I've heard evolution called a religion before. But what makes it a religion? Can you explain why you think evolution is a religion?
 

James the Persian

Dreptcredincios Crestin
truthseekingsoul said:
What did the dinosaurs like the raptors use those huge claws and sharp teeth for when only vegetation was on the menu? Were plants a lot faster back then?
Frubals for that one - you almost gave me a hernia! I have visions of a leggy cycad tearing it across Pangaea as I write.

James
 

Scuba Pete

Le plongeur avec attitude...
Missing link??? Are we talking about Pah again? :D

Hebrews 1:1 In the past God spoke to our forefathers through the prophets at many times and in various ways, 2 but in these last days he has spoken to us by his Son, whom he appointed heir of all things, and through whom he made the universe.

The Bible was never meant as a science book, but a device to bring us to God. Those who decry evolution would do well to remember that God presented a LOT of things in many ways, and some of those ways include gross simplifications of what happened. Why? Because the people of that time could not understand the nuances of God's plan (including DNA and evolution) to create such a wonderful planet. Since the advent of Homo Sapiens, we have continued to evolve not only as a species, but as a society as well. Unlike any other animal, God has enabled us to accumulate knowledge: vast quantities of knowledge. Was this done just to frustrate us? No, but Satan has certainly used evolution to cloud the minds of the saints as to what the battle is really about. He has us tilting at windmills fighting one of God's tools.

You would do well to eschew modern "anti-evolutionism" and follow Paul's example.

I Corinthians 9:19 Though I am free and belong to no man, I make myself a slave to everyone, to win as many as possible. 20 To the Jews I became like a Jew, to win the Jews. To those under the law I became like one under the law (though I myself am not under the law), so as to win those under the law. 21 To those not having the law I became like one not having the law (though I am not free from God's law but am under Christ's law), so as to win those not having the law. 22 To the weak I became weak, to win the weak. I have become all things to all men so that by all possible means I might save some. 23 I do all this for the sake of the gospel, that I may share in its blessings. NIV

I would suggest that Paul would become an evolutionist to reach the evolutionists. Don't be guilty of creating stumbling blocks my friend. Evolution is not condemned or even mentioned in the scriptures: it thus has no bearing on salvation.
 

jewscout

Religious Zionist
You must spread more karma around before giving some to goodjewishboy again.

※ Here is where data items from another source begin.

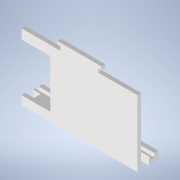
# Autodesk Inventor part: ClipUnten
Saved by Autodesk Inventor 2022.2 (Build 262287000, 287)
## iProperties
Created: 2022-01-22
Part Number: ClipUnten
Material: Generisch
Document SubType Name: Modeling
Designer: hpcwoess
Density: 1 g/cm^3
Appearance: Vorgabe
Author: hpcwoess
Autodesk Inventor part; units mm, degrees
ref_plane "YZ Plane" through (0, 0, 0) normal (1, 0, 0) x (0, 1, 0)
ref_plane "XZ Plane" through (0, 0, 0) normal (0, 1, 0) x (-1, 0, 0)
ref_plane "XY Plane" through (0, 0, 0) normal (0, 0, 1) x (1, 0, 0)
sketch "Skizze1" plane through (0, 0, 0) normal (0, 0, 1) x (1, 0, 0)
  line L0 (-30, 0) -> (30, 0)
  line L1 (30, 0) -> (30, -34.5)
  line L2 (30, -34.5) -> (-30, -34.5)
  line L3 (-30, -34.5) -> (-30, 0)
  line L4 (-9.8, 0) -> (9.8, 0)
  line L5 (9.8, 0) -> (9.8, 3.6)
  line L6 (9.8, 3.6) -> (-9.8, 3.6)
  line L7 (-9.8, 3.6) -> (-9.8, 0)
  line L8 (9.8, 3.6) -> (11.4, 3.6)
  line L9 (11.4, 3.6) -> (11.4, 2)
  line L10 (11.4, 2) -> (9.8, 2)
  line L11 (9.8, 2) -> (9.8, 3.6)
  line L12 (-9.8, 3.6) -> (-11.4, 3.6)
  line L13 (-11.4, 3.6) -> (-11.4, 2)
  line L14 (-11.4, 2) -> (-9.8, 2)
  line L15 (-9.8, 2) -> (-9.8, 3.6)
  point P0 (0, 0)
  point P1 (0, 0)
  point P2 (9.8, 1.8)
  dimension "d0" = 3.6
  dimension "d1" = 19.6
  dimension "d2" = 1.6
  dimension "d3" = 1.6
  dimension "d4" = 1.6
  dimension "d5" = 1.6
  dimension "d6" = 34.5
  dimension "d7" = 60
  dimension "d8" = 30
  dimension "d9" = 9.8
  constraints: 32 end point, 8 parallel, 4 horizontal, 4 perpendicular, 3 midpoint, 1 point on line
  measures "d0" distance between parallel lines of L0 L6
  measures "d1" distance from line of L5.end L7
  measures "d2" distance of L9.end L10.end
  measures "d3" distance of L8.end L9.end
  measures "d4" distance of L14.end L13.end
  measures "d5" distance of L13.end L12.end
  measures "d6" distance of L0.end L1.end
  measures "d7" distance between parallel lines of L1 L3
  measures "d8" distance from line of L1 point (0, 0)
  measures "d9" horizontal distance of point (0, 0) point (9.8, 1.8)
extrude "Extrusion1" add sketch "Skizze1" against normal blind 2
sketch "Skizze2" plane through (0, 0, -2) normal (0, 0, -1) x (-1, 0, 0)
  line L0 (-30, -34.5) -> (30, -34.5) projected
  line L1 (30, -34.5) -> (30, 0) projected
  line L2 (-30, -34.5) -> (30, -34.5)
  line L3 (30, -34.5) -> (30, -30.5)
  line L4 (30, -30.5) -> (-30, -30.5)
  line L5 (-30, -30.5) -> (-30, -34.5)
  point P0 (0, 0)
  dimension "d12" = 4
  constraints: 8 end point, 2 parallel, 1 horizontal, 1 perpendicular, 1 point on line
  measures "d12" distance between parallel lines of L0 L4
extrude "Extrusion2" add sketch "Skizze2" along normal blind 9
sketch "Skizze3" plane through (-30, -34.5, 0) normal (-1, 0, 0) x (0, 0, 1)
  line L0 (-2, 4) -> (-11, 4) projected
  line L1 (-8.9, 4) -> (-7, 4)
  line L2 (-7, 4) -> (-7, 2)
  line L3 (-7, 2) -> (-8.9, 2)
  line L4 (-8.9, 2) -> (-8.9, 4)
  line L5 (-2, 4) -> (-2, 34.5) projected
  point P0 (0, 34.5)
  dimension "d15" = 1.9
  dimension "d16" = 2
  dimension "d17" = 5
  constraints: 8 end point, 2 parallel, 1 horizontal, 1 perpendicular, 1 point on line
  measures "d15" distance of L2.end L3.end
  measures "d16" distance of L1.end L2.end
  measures "d17" distance between parallel lines of L5 L2
extrude "Extrusion3" cut sketch "Skizze3" against normal through all
sketch "Skizze4" plane through (-30, -30.5, -2) normal (0, 1, 0) x (1, 0, 0)
  line L0 (60, 0) -> (0, 0) projected
  line L1 (0, 0) -> (4, 0)
  line L2 (4, 0) -> (4, 4)
  line L3 (4, 4) -> (0, 4)
  line L4 (0, 4) -> (0, 0)
  line L5 (60, -2) -> (60, 9) projected
  line L6 (60, 0) -> (56, 0)
  line L7 (56, 0) -> (56, 4)
  line L8 (56, 4) -> (60, 4)
  line L9 (60, 4) -> (60, 0)
  point P0 (30, -2)
  point P1 (60, 4)
  point P2 (4, 0)
  dimension "d20" = 4
  dimension "d21" = 4
  dimension "d22" = 4
  dimension "d23" = 4
  constraints: 16 end point, 4 parallel, 2 horizontal, 2 perpendicular, 2 point on line
  measures "d20" distance of L3.end L2.end
  measures "d21" distance of L2.end L1.end
  measures "d22" distance of L7.end L8.end
  measures "d23" distance of L6.end L7.end
extrude "Extrusion4" cut sketch "Skizze4" against normal blind 10
sketch "Skizze5" plane through (0, 0, -2) normal (0, 0, -1) x (-1, 0, 0)
  line L0 (30, 0) -> (30, -34.5) projected
  line L1 (30, -5) -> (15, -5)
  line L2 (15, -5) -> (15, -30)
  line L3 (15, -30) -> (30, -30)
  line L4 (30, -30) -> (30, -5)
  line L5 (30, 0) -> (9.8, 0) projected
  point P0 (0, 0)
  point P1 (30, -30.5)
  dimension "d28" = 15
  dimension "d29" = 25
  dimension "d30" = 5
  constraints: 8 end point, 2 parallel, 1 horizontal, 1 perpendicular, 1 point on line
  measures "d28" distance of L3.end L2.end
  measures "d29" distance of L2.end L1.end
  measures "d30" distance between parallel lines of L5 L1
extrude "Extrusion5" cut sketch "Skizze5" against normal blind 10
equation "\"d2\" = d4"
equation "\"d3\" = d4"
equation "\"d5\" = d4"
equation "\"d8\" = 0.5 * d7"
equation "\"d9\" = 0.5 * d1"

good stuff my friend:bounce
 

Jayhawker Soule

-- untitled --
Premium Member
goodjewishboy said:
with people trying to disprove science with religion and vice/versa. Science is not diametricly opposed to religion. Evolution and Creation are not mutually exclusive. Religion is here to tell us why we exist, it gives us purpose.
And, I've had it up to here ...
... with people who claim that "Science is not diametricly opposed to religion" while upholding a religion that speaks of a 6-day Creation contra evolution, Global Floods contra geology, a mytic Exodus/Conquest contra archaeology, and a 6,000 year old Earth contra astronomy - and we've just scratched the surface.​
As for "Evolution and Creation are not mutually exclusive": they most certainly are if by "Creation" you are referring to Genesis.
goodjewishboy said:
Religion is here to tell us why we exist, it gives us purpose.
"God did it" is not much of an answer.
 

Katzpur

Not your average Mormon
goodjewishboy said:
G-d would not create physcial laws and natural systems if He weren't going to use them.

We have all this physcial evidence for evolution, it's all around us if we use our G-d given brains we can see it.

G-d writes his prophesy in earth itself as well as in the minds of man. With more insight we have in our physcial world, into how everything works can bring us more appreciation of the divine.
I'd just like to quote from a letter to the editor that appeared several years ago in one of the local Salt Lake City daily newspapers. I cut it out and saved it because it so perfectly expressed my perspective on this subject:

"In response to much of the rhetoric we have seen lately concerning creation and evolution, I don't understand why it is so difficult for some people to believe that God is the greatest scientist in the universe but that he could not explain some of his high tech processes to people who thought a fig leaf was high tech. Even if he could show Adam the whole truth, how could Adam write that down in terms that the rest of the world would understand without a few thousand years of education?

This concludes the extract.